Wherever a line of the data contains "units", copy that line.

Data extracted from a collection
+ + + + +

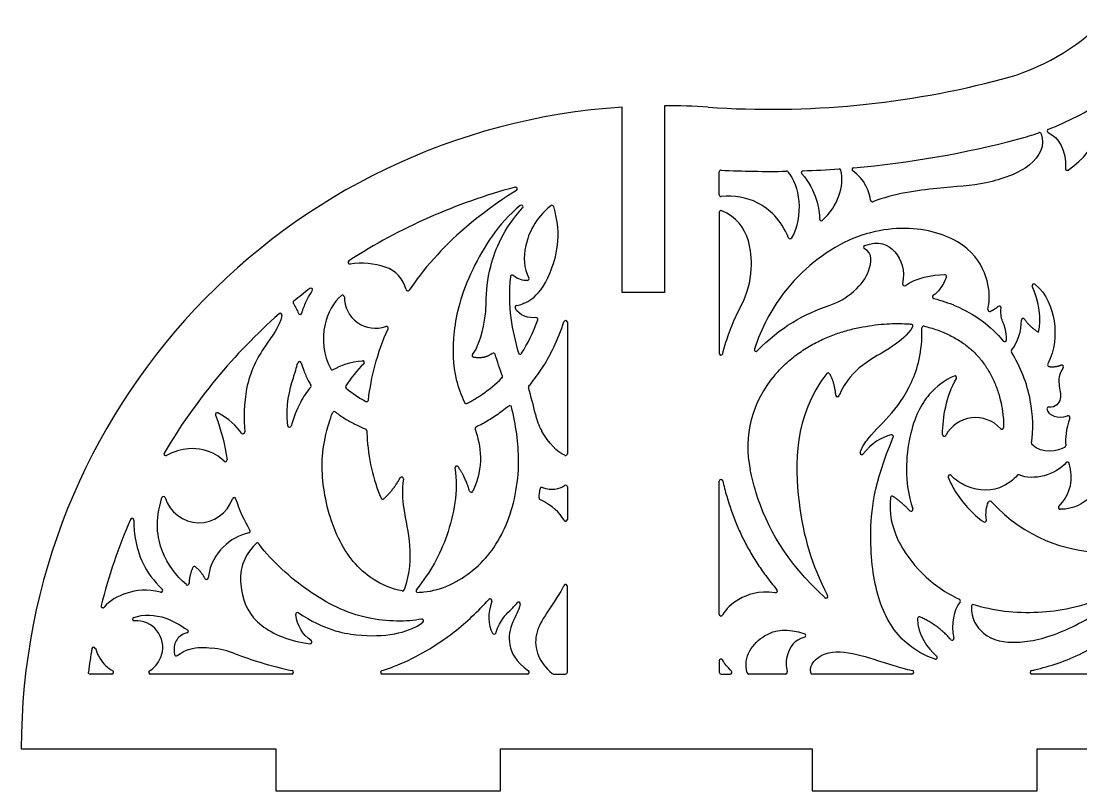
# Model space of a CAD drawing. Header units: millimetres. Extents: x -254 to 403, y -359 to 324.
# Drawn here: x -239.7 to -88.8, y -359 to -249.4 of the extents above; entities that cross this region are included whole.
import ezdxf

# ---------------------------------------------------------------- set-up
doc = ezdxf.new("R2010")
doc.units = ezdxf.units.MM
doc.header["$MEASUREMENT"] = 0
doc.layers.add('Layer 03', color=5, linetype='Continuous')

msp = doc.modelspace()

# ---------------------------------------------------------------- linework, layer by layer
at = {"layer": 'Layer 03'}
for p, q in [((-154.07, -288), (-154.07, -261.6)), ((-148.07, -261.41), (-148.07, -288)), ((-140.25, -274.09), (-140.25, -270.83)), ((-140.25, -276.59), (-140.25, -296.69)), ((-148.07, -288), (-154.07, -288)), ((-161.88, -292.26), (-161.88, -310.99)), ((-140.25, -333.84), (-140.25, -314.89)), ((-161.88, -315.71), (-161.88, -320.34)), ((-161.88, -342.12), (-161.88, -329.85)), ((-140.25, -340.48), (-140.25, -342.12)), ((-226.75, -342.37), (-229.86, -342.37)), ((-201.12, -342.37), (-221.25, -342.37)), ((-167.54, -342.37), (-188.25, -342.37)), ((-163.87, -342.37), (-162.13, -342.37)), ((-140, -342.37), (-138.68, -342.37)), ((-130.81, -342.37), (-136.03, -342.37)), ((-112.81, -342.37), (-126.99, -342.37)), ((-80.63, -342.37), (-95.74, -342.37)), ((-239.66, -353), (-203.38, -353)), ((-203.38, -353), (-203.38, -359)), ((-171.38, -359), (-171.38, -353)), ((-171.38, -353), (-127, -353)), ((-127, -353), (-127, -359)), ((-95, -359), (-95, -353)), ((-95, -353), (-57.5, -353)), ((-203.38, -359), (-171.38, -359)), ((-127, -359), (-95, -359))]:
    msp.add_line(p, q, dxfattribs=at)
for centre, radius, start, end in [((-108.11, -226.54), 32.13, 284.9018, 314.7236), ((-133.01, -132.99), 128.93, 266.0853, 284.9018), ((-108.11, -226.54), 40.96, 291.0703, 303.5017), ((-148.06, -353), 91.59, 93.7566, 180), ((-148.06, -353), 91.59, 86.0853, 90.0007), ((-108.11, -226.54), 40.96, 284.9018, 289.0853), ((-94.64, -265.48), 0.249, 19.2967, 109.0853), ((-93.3, -264.99), 0.249, 111.0703, 244.3506), ((-133.01, -132.99), 137.77, 274.9532, 284.9018), ((-140, -270.83), 0.249, 87.0966, 180), ((-133.01, -132.99), 137.77, 267.0966, 270.9777), ((-130.65, -270.98), 0.249, 42.2178, 90.9777), ((-128.32, -270.92), 0.249, 91.9448, 221.8442), ((-133.01, -132.99), 137.77, 271.9448, 274.086), ((-123.17, -270.65), 0.249, 13.1505, 94.086), ((-121.09, -270.49), 0.249, 94.9532, 237.8146), ((-90.7, -270.36), 0.249, 176.0806, 304.5038), ((-148.06, -353), 82.76, 104.8965, 122.8921), ((-169.28, -273.26), 0.249, 302.2527, 104.8965), ((-140, -274.09), 0.249, 180, 273.5837), ((-168.43, -275.8), 0.249, 318.0659, 129.505), ((-164.07, -275.84), 0.249, 17.0931, 129.5198), ((-118.45, -274.86), 0.249, 184.6103, 291.702), ((-140, -276.59), 0.249, 67.4988, 180), ((-125.73, -277.54), 0.249, 179.3329, 312.2171), ((-130.15, -280.12), 0.249, 202.3051, 329.4407), ((-119.45, -281.56), 0.249, 111.1182, 241.7717), ((-192.87, -283.72), 0.249, 122.8921, 280.4727), ((-189.18, -288.65), 4.46, 13.5954, 72.1395), ((-148.08, -284.06), 12.4, 332.0985, 357.2232), ((-169.75, -285.77), 0.249, 47.1465, 173.515), ((-167.58, -286.06), 0.249, 275.3411, 27.0543), ((-108.14, -285.72), 0.249, 338.7733, 88.9535), ((-148.06, -353), 82.76, 127.603, 129.633), ((-198.41, -287.63), 0.249, 326.4511, 127.603), ((-184.6, -287.55), 0.249, 193.5954, 326.6234), ((-127.83, -280.23), 10.16, 288.4893, 311.2723), ((-113.89, -286.83), 0.249, 169.6742, 304.8663), ((-95.45, -287.01), 0.249, 49.6356, 204.8221), ((-200.7, -289.45), 0.249, 129.633, 213.343), ((-193.9, -288.64), 0.249, 359.8058, 130.5688), ((-189.18, -288.65), 4.46, 179.8058, 289.0676), ((-188.42, -289.52), 14.96, 350.6019, 0), ((-109.64, -288.63), 0.249, 121.3626, 256.1749), ((-148.06, -353), 82.76, 131.5182, 149.4106), ((-202.76, -291.22), 0.249, 346.0102, 131.5182), ((-199.94, -290.9), 0.249, 201.6302, 343.1271), ((-169.08, -290.11), 0.249, 99.7045, 204.6615), ((-101.74, -290.49), 0.249, 169.3536, 294.5428), ((-100.36, -290.19), 0.249, 353.9708, 131.2852), ((-166.33, -291.84), 0.249, 339.9448, 96.8604), ((-162.13, -292.26), 0.249, 0, 161.7205), ((-112.92, -292.77), 0.249, 329.5642, 84.2239), ((-96.97, -291.95), 0.249, 32.5634, 178.845), ((-187.64, -293.11), 0.249, 335.6618, 109.0676), ((-111.14, -293.06), 0.249, 77.7231, 181.4422), ((-99.61, -294.77), 0.249, 219.2602, 357.6754), ((-175.19, -297), 0.249, 140.9931, 259.117), ((-172.41, -296.88), 0.249, 17.5058, 127.7949), ((-168.61, -296.55), 0.249, 195.4835, 327.7228), ((-140, -296.69), 0.249, 180, 345.7916), ((-135.01, -296.17), 0.249, 162.1746, 316.7594), ((-98.44, -296.39), 0.249, 138.6878, 212.622), ((-200.03, -298.1), 0.249, 15.5554, 165.0079), ((-191.03, -297.98), 0.249, 313.8375, 95.3532), ((-93.24, -298.31), 0.249, 154.7118, 257.6839), ((-91.48, -298.59), 0.249, 326.2249, 108.8749), ((-195.36, -298.77), 0.249, 208.0842, 298.6077), ((-171.37, -300.02), 0.249, 314.9458, 18.4208), ((-120.55, -310.04), 15.63, 139.0595, 191.9852), ((-124.75, -299.71), 0.249, 31.6264, 142.2879), ((-106.7, -300.14), 0.249, 330.2673, 112.9392), ((-198.62, -301.34), 0.249, 318.4481, 31.3802), ((-193.21, -301.45), 0.249, 147.6234, 228.4176), ((-167.17, -301.51), 0.249, 139.6577, 196.0006), ((-123.4, -302.61), 0.249, 185.1135, 337.0066), ((-190.46, -303.31), 0.249, 242.8979, 353.1846), ((-176.29, -303.58), 0.249, 203.2494, 296.6502), ((-170.08, -304.38), 0.249, 13.8113, 129.6106), ((-93.34, -304.57), 0.249, 82.2359, 187.8335), ((-211.75, -305.4), 0.249, 64.0373, 201.9826), ((-195.08, -305.23), 0.249, 52.3961, 159.1728), ((-157.97, -303.5), 8.66, 192.3608, 209.0867), ((-103.74, -310.68), 4.84, 42.7526, 151.4348), ((-90.57, -305.83), 0.249, 340.8508, 108.6587), ((-201.46, -306.97), 0.249, 186.3822, 344.2462), ((-190.69, -307.71), 0.249, 1.1423, 68.0778), ((-174.77, -307.41), 0.249, 115.623, 198.3654), ((-100.01, -307.23), 0.249, 222.7526, 358.7957), ((-208.08, -307.89), 0.249, 214.9843, 4.5465), ((-115.7, -308.53), 0.249, 337.2911, 105.0512), ((-108.21, -308.25), 0.249, 178.5729, 331.4348), ((-119.95, -310.86), 0.249, 161.1115, 323.3526), ((-95.55, -309.5), 0.249, 170.7044, 226.8777), ((-91.15, -309.82), 0.249, 303.5781, 5.1063), ((-219.09, -311.01), 0.249, 149.4106, 299.206), ((-210.58, -311.87), 0.249, 224.4492, 9.7964), ((-162.13, -310.99), 0.249, 245.2128, 0), ((-90.66, -312.41), 0.249, 12.2481, 139.0871), ((-177.65, -313), 0.249, 37.4334, 188.4577), ((-185.48, -314.55), 0.249, 352.1109, 150.6847), ((-140, -314.89), 0.249, 12.9571, 180), ((-107.41, -314.24), 0.249, 42.9076, 200.8373), ((-97.63, -314.24), 0.249, 66.4659, 138.438), ((-175.56, -316.22), 0.249, 197.6399, 334.7179), ((-165.52, -316.02), 0.249, 69.7576, 174.6065), ((-162.13, -315.71), 0.249, 0, 123.8639), ((-219.38, -317.31), 0.249, 16.7833, 163.2512), ((-214.34, -315.79), 5.02, 196.7833, 341.3074), ((-209.35, -317.48), 0.249, 17.8652, 161.3074), ((-188.18, -317.2), 0.249, 203.0168, 310.7844), ((-165.67, -317.29), 0.249, 172.0858, 244.2228), ((-115.62, -317.27), 0.249, 56.6005, 173.4365), ((-101.7, -317.97), 0.249, 42.5475, 156.1118), ((-112.93, -318.93), 0.249, 224.1691, 17.8876), ((-91.69, -318.65), 0.249, 135.6273, 269.9429), ((-148.06, -353), 82.76, 156.7601, 165.7375), ((-223.88, -320.44), 0.249, 359.2635, 156.7601), ((-162.13, -320.34), 0.249, 209.5073, 360), ((-102.45, -320.48), 0.249, 235.889, 8.884), ((-207.3, -322.03), 0.249, 282.3887, 30.7239), ((-206.04, -323.93), 0.249, 36.6235, 134.5189), ((-214.99, -327.28), 0.249, 50.2114, 156.8313), ((-213.27, -328.64), 0.249, 207.027, 353.8179), ((-219.74, -330.46), 0.249, 255.002, 46.8348), ((-215.98, -329.44), 0.249, 229.3877, 1.9239), ((-185.34, -330.28), 0.249, 259.0381, 341.9171), ((-183.18, -330.48), 0.249, 141.234, 270.7179), ((-162.13, -329.85), 0.249, 360, 153.0386), ((-132.22, -330.54), 0.249, 262.8135, 40.2134), ((-172.88, -331.91), 0.249, 340.427, 137.9422), ((-125.04, -331.29), 0.249, 227.3656, 27.1738), ((-106.16, -331.93), 0.249, 323.1791, 65.6642), ((-228.03, -332.67), 0.249, 165.7375, 319.1978), ((-168.82, -332.37), 0.249, 345.3086, 142.8862), ((-104.09, -332.73), 0.249, 72.2134, 176.6717), ((-223.54, -334.53), 0.249, 108.4631, 273.7803), ((-223.28, -338.55), 3.78, 343.3185, 93.7803), ((-200.31, -333.85), 0.249, 56.5202, 187.2345), ((-182.61, -334.79), 0.249, 308.0963, 101.7591), ((-140, -333.84), 0.249, 180, 329.6463), ((-111.77, -334.46), 0.249, 67.0155, 180.1511), ((-216.1, -336.28), 0.249, 282.527, 57.8616), ((-198.51, -337.8), 0.249, 263.2746, 54.9231), ((-172.31, -336.44), 0.249, 209.0104, 339.4441), ((-128.15, -336.87), 0.249, 285.0149, 71.6276), ((-107.08, -337.31), 0.249, 221.0245, 12.7179), ((-148.06, -353), 82.76, 170.0717, 172.4213), ((-229.34, -338.78), 0.249, 17.4614, 170.0717), ((-213.83, -351.5), 12.89, 68.8745, 84.0191), ((-217.59, -339.52), 0.249, 189.9802, 305.3881), ((-140, -340.48), 0.249, 29.6008, 180), ((-109.45, -340), 0.249, 253.9746, 49.3097), ((-229.86, -342.12), 0.249, 172.4213, 270), ((-226.75, -342.12), 0.249, 270, 61.7622), ((-221.25, -342.12), 0.249, 121.027, 270), ((-201.12, -342.12), 0.249, 270, 78.0083), ((-188.25, -342.12), 0.249, 106.5867, 270), ((-167.54, -342.12), 0.249, 270, 54.5781), ((-163.87, -342.12), 0.249, 228.0313, 270), ((-162.13, -342.12), 0.249, 270, 0), ((-140, -342.12), 0.249, 180, 270), ((-138.68, -342.12), 0.249, 270, 47.2482), ((-136.03, -342.12), 0.249, 196.5121, 270), ((-130.81, -342.12), 0.249, 270, 16.581), ((-126.99, -342.12), 0.249, 193.9619, 270), ((-112.81, -342.12), 0.249, 270, 75.3843), ((-95.74, -342.12), 0.249, 103.2924, 270)]:
    msp.add_arc(centre, radius, start, end, dxfattribs=at)
for points, degree in [([(-90.56, -270.57), (-86.19, -267.57), (-84.58, -262.71), (-85.13, -260.83)], 3), ([(-93.41, -265.22), (-91.96, -265.91), (-90.77, -267.81), (-90.95, -270.34)], 3), ([(-130.47, -270.82), (-128.85, -272.6), (-128.15, -277.22), (-129.94, -280.25)], 3), ([(-128.51, -271.09), (-126.37, -273.48), (-125.96, -276.25), (-125.98, -277.54)], 3), ([(-125.56, -277.73), (-123.36, -275.73), (-122.4, -272.87), (-122.93, -270.6)], 3), ([(-118.7, -274.88), (-118.78, -273.89), (-119.56, -271.75), (-121.22, -270.7)], 3), ([(-187.82, -284.4), (-189.33, -283.92), (-191.14, -283.65), (-192.83, -283.96)], 3), ([(-169.99, -285.75), (-170.48, -290.05), (-169.72, -293.48), (-168.85, -296.61)], 3), ([(-167.55, -286.31), (-168.12, -286.36), (-168.95, -286.17), (-169.58, -285.59)], 3), ([(-113.75, -287.03), (-112.2, -285.95), (-109.97, -285.44), (-108.14, -285.47)], 3), ([(-107.91, -285.81), (-108.43, -287.16), (-109.06, -287.99), (-109.77, -288.42)], 3), ([(-94.79, -293.66), (-94.3, -291.96), (-94.7, -289.21), (-95.67, -287.12)], 3), ([(-200.9, -289.59), (-200.59, -290.07), (-200.35, -290.53), (-200.17, -290.99)], 3), ([(-166.36, -291.59), (-167.32, -291.71), (-168.78, -291.36), (-169.31, -290.22)], 3), ([(-134.83, -296.34), (-131.68, -292.99), (-128.07, -291.02), (-124.61, -289.87)], 3), ([(-100.52, -290), (-101.01, -290.43), (-101.64, -290.72)], 2), ([(-175.38, -296.84), (-174.72, -296.02), (-174.07, -294.38), (-173.67, -291.96)], 3), ([(-168.4, -296.68), (-167.55, -295.33), (-166.77, -293.76), (-166.1, -291.93)], 3), ([(-98.63, -296.22), (-97.65, -295.11), (-97.25, -293.44), (-97.22, -291.94)], 3), ([(-96.76, -291.81), (-96.05, -292.92), (-94.79, -293.66)], 2), ([(-172.57, -296.68), (-173.68, -297.54), (-175.24, -297.24)], 2), ([(-171.14, -299.94), (-171.49, -298.88), (-171.85, -297.83), (-172.18, -296.8)], 3), ([(-195.24, -298.99), (-194.14, -298.39), (-192.78, -297.89), (-191.05, -297.73)], 3), ([(-190.86, -298.16), (-191.87, -299.13), (-192.71, -300.2), (-193.42, -301.32)], 3), ([(-93.29, -298.55), (-92.58, -298.71), (-91.56, -298.36)], 2), ([(-123.65, -302.63), (-123.82, -300.75), (-124.54, -299.58)], 2), ([(-108.46, -308.24), (-108.4, -305.78), (-107.96, -302.85), (-106.48, -300.26)], 3), ([(-193.37, -301.64), (-192.55, -302.36), (-191.61, -303), (-190.57, -303.53)], 3), ([(-166.43, -305.35), (-166.71, -304.1), (-167.05, -302.85), (-167.41, -301.58)], 3), ([(-93.58, -304.61), (-93.45, -305.57), (-92.01, -306.05), (-90.65, -305.59)], 3), ([(-211.98, -305.5), (-211.09, -307.7), (-210.68, -309.82), (-210.33, -311.83)], 3), ([(-208.29, -308.03), (-208.98, -307.04), (-210.08, -305.94), (-211.64, -305.18)], 3), ([(-90.34, -305.91), (-90.91, -307.54), (-90.99, -308.77), (-90.9, -309.8)], 3), ([(-175.01, -307.49), (-174.23, -309.84), (-173.69, -312.82), (-175.34, -316.32)], 3), ([(-162.24, -311.21), (-163.36, -310.69), (-164.51, -309.57), (-165.54, -307.71)], 3), ([(-115.76, -308.29), (-117.15, -308.66), (-118.59, -309.45), (-119.75, -311.01)], 3), ([(-91.01, -310.03), (-91.99, -310.68), (-94.24, -311.07), (-95.72, -309.68)], 3), ([(-90.84, -312.25), (-92.36, -314), (-95.52, -314.89), (-97.53, -314.01)], 3), ([(-175.8, -316.29), (-176.51, -314.07), (-177.45, -312.84)], 2), ([(-188.02, -317.39), (-186.73, -316.28), (-185.69, -314.43)], 2), ([(-165.91, -317.26), (-165.86, -316.85), (-165.81, -316.43), (-165.77, -316)], 3), ([(-165.43, -315.79), (-164.13, -316.26), (-163.03, -316.02), (-162.27, -315.5)], 3), ([(-209.12, -317.4), (-208.6, -318.99), (-207.93, -320.49), (-207.09, -321.9)], 3), ([(-162.35, -320.47), (-162.97, -319.36), (-163.98, -318.39), (-165.78, -317.52)], 3), ([(-113.11, -319.1), (-114.37, -317.8), (-115.49, -317.07)], 2), ([(-102.21, -320.44), (-102.36, -319.45), (-102.21, -318.51), (-101.93, -317.86)], 3), ([(-215.22, -327.18), (-215.77, -328.45), (-215.73, -329.43)], 2), ([(-213.49, -328.76), (-213.98, -327.8), (-214.84, -327.09)], 2), ([(-172.65, -331.99), (-173.26, -333.71), (-173.21, -335.35), (-172.53, -336.56)], 3), ([(-105.96, -332.08), (-106.87, -333.3), (-107.3, -335.2), (-106.83, -337.26)], 3), ([(-198.37, -337.6), (-199.59, -336.74), (-200.35, -335.54), (-200.56, -333.88)], 3), ([(-112.02, -334.47), (-112.01, -336.79), (-110.59, -338.69), (-109.29, -339.81)], 3), ([(-107.27, -337.47), (-109.15, -335.3), (-111.67, -334.24)], 2), ([(-138.51, -341.94), (-139.07, -341.42), (-139.48, -340.89), (-139.78, -340.36)], 3)]:
    msp.add_open_spline(points, degree=degree, dxfattribs=at)
for points, knots in [([(-94.4, -265.4), (-93.83, -267.02), (-95.37, -270.3), (-102.39, -272.75), (-108.4, -272.99), (-115.46, -273.94), (-118.36, -275.09)], [694.598899, 694.598899, 694.598899, 694.598899, 701.72769, 709.195607, 716.663523, 723.839934, 723.839934, 723.839934, 723.839934]), ([(-169.14, -273.47), (-174.95, -277.13), (-180.55, -282.44), (-183.48, -286.3), (-184.4, -287.68)], [635.131585, 635.131585, 635.131585, 635.131585, 645.309961, 651.562284, 651.562284, 651.562284, 651.562284]), ([(-130.38, -280.22), (-131.44, -277.63), (-134.82, -274.6), (-138.05, -274.22), (-139.98, -274.34)], [400.151748, 400.151748, 400.151748, 400.151748, 406.647217, 413.213355, 413.213355, 413.213355, 413.213355]), ([(-168.59, -275.6), (-171.71, -278.17), (-176.55, -286.02), (-178.34, -293.78), (-178.19, -299.71), (-177, -302.56), (-176.52, -303.68)], [834.306861, 834.306861, 834.306861, 834.306861, 842.248573, 851.981065, 861.713558, 867.104091, 867.104091, 867.104091, 867.104091]), ([(-173.46, -289.52), (-173.46, -287.83), (-172.93, -283.6), (-170.99, -279.01), (-168.25, -275.96)], [820.391796, 820.391796, 820.391796, 820.391796, 825.751116, 833.558817, 833.558817, 833.558817, 833.558817]), ([(-169.12, -289.87), (-168.49, -289.76), (-166.79, -289.1), (-164.43, -286.4), (-162.56, -279.9), (-163.83, -275.77)], [622.866699, 622.866699, 622.866699, 622.866699, 627.997688, 633.977098, 639.794345, 639.794345, 639.794345, 639.794345]), ([(-164.23, -275.65), (-166.51, -277.54), (-168.28, -281.54), (-168.09, -284.52), (-167.35, -285.95)], [591.0513, 591.0513, 591.0513, 591.0513, 597.167844, 603.138288, 603.138288, 603.138288, 603.138288]), ([(-135.69, -284.67), (-135.62, -283.18), (-136, -279.62), (-137.78, -277.24), (-139.9, -276.36)], [485.302143, 485.302143, 485.302143, 485.302143, 489.3758, 496.161326, 496.161326, 496.161326, 496.161326]), ([(-101.98, -290.44), (-101.69, -288.9), (-101.8, -286.43), (-104.08, -281.46), (-111.63, -278.24), (-121.91, -279.51), (-130.77, -286.58), (-134.28, -293.08), (-135.25, -296.09)], [1587.861881, 1587.861881, 1587.861881, 1587.861881, 1598.436988, 1610.017609, 1621.598229, 1633.17885, 1644.75947, 1652.70864, 1652.70864, 1652.70864, 1652.70864]), ([(-119.54, -281.33), (-117.61, -280.58), (-114.79, -281.66), (-113.79, -284.87), (-114.14, -286.78)], [1672.740134, 1672.740134, 1672.740134, 1672.740134, 1678.234042, 1683.61337, 1683.61337, 1683.61337, 1683.61337]), ([(-121.13, -287.87), (-119.98, -286.85), (-118.6, -284.72), (-118.37, -282.42), (-119.57, -281.78)], [1663.286228, 1663.286228, 1663.286228, 1663.286228, 1667.109427, 1672.170051, 1672.170051, 1672.170051, 1672.170051]), ([(-199.7, -290.97), (-199.65, -290.82), (-199.52, -290.39), (-199.25, -289.7), (-198.82, -288.78), (-198.45, -288.14), (-198.21, -287.77)], [112.78256, 112.78256, 112.78256, 112.78256, 113.274681, 114.134275, 114.998449, 116.346807, 116.346807, 116.346807, 116.346807]), ([(-95.29, -286.82), (-93.58, -288.27), (-92.05, -292.37), (-92.48, -296.11), (-93.46, -298.2)], [925.981812, 925.981812, 925.981812, 925.981812, 932.101485, 938.922032, 938.922032, 938.922032, 938.922032]), ([(-194.06, -288.45), (-195.18, -289.41), (-197.14, -293.07), (-196.6, -296.97), (-195.58, -298.88)], [604.447994, 604.447994, 604.447994, 604.447994, 610.853245, 619.634844, 619.634844, 619.634844, 619.634844]), ([(-109.69, -288.87), (-108.6, -289.14), (-104.59, -290.54), (-101.55, -292.79), (-99.81, -294.93)], [1566.555684, 1566.555684, 1566.555684, 1566.555684, 1569.738815, 1579.2682, 1579.2682, 1579.2682, 1579.2682]), ([(-139.76, -296.75), (-139.53, -295.87), (-138.97, -293.98), (-138.04, -291.69), (-137.35, -290.31), (-137.12, -289.87)], [472.420664, 472.420664, 472.420664, 472.420664, 475.171276, 478.349719, 479.842498, 479.842498, 479.842498, 479.842498]), ([(-99.36, -294.78), (-99.31, -293.52), (-99.88, -292.24), (-100.22, -291.25), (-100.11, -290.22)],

+ + + + +

◆ Response to this exercise:
# Model space of a CAD drawing. Header units: millimetres. Extents: x -254 to 403, y -359 to 324.
doc.units = ezdxf.units.MM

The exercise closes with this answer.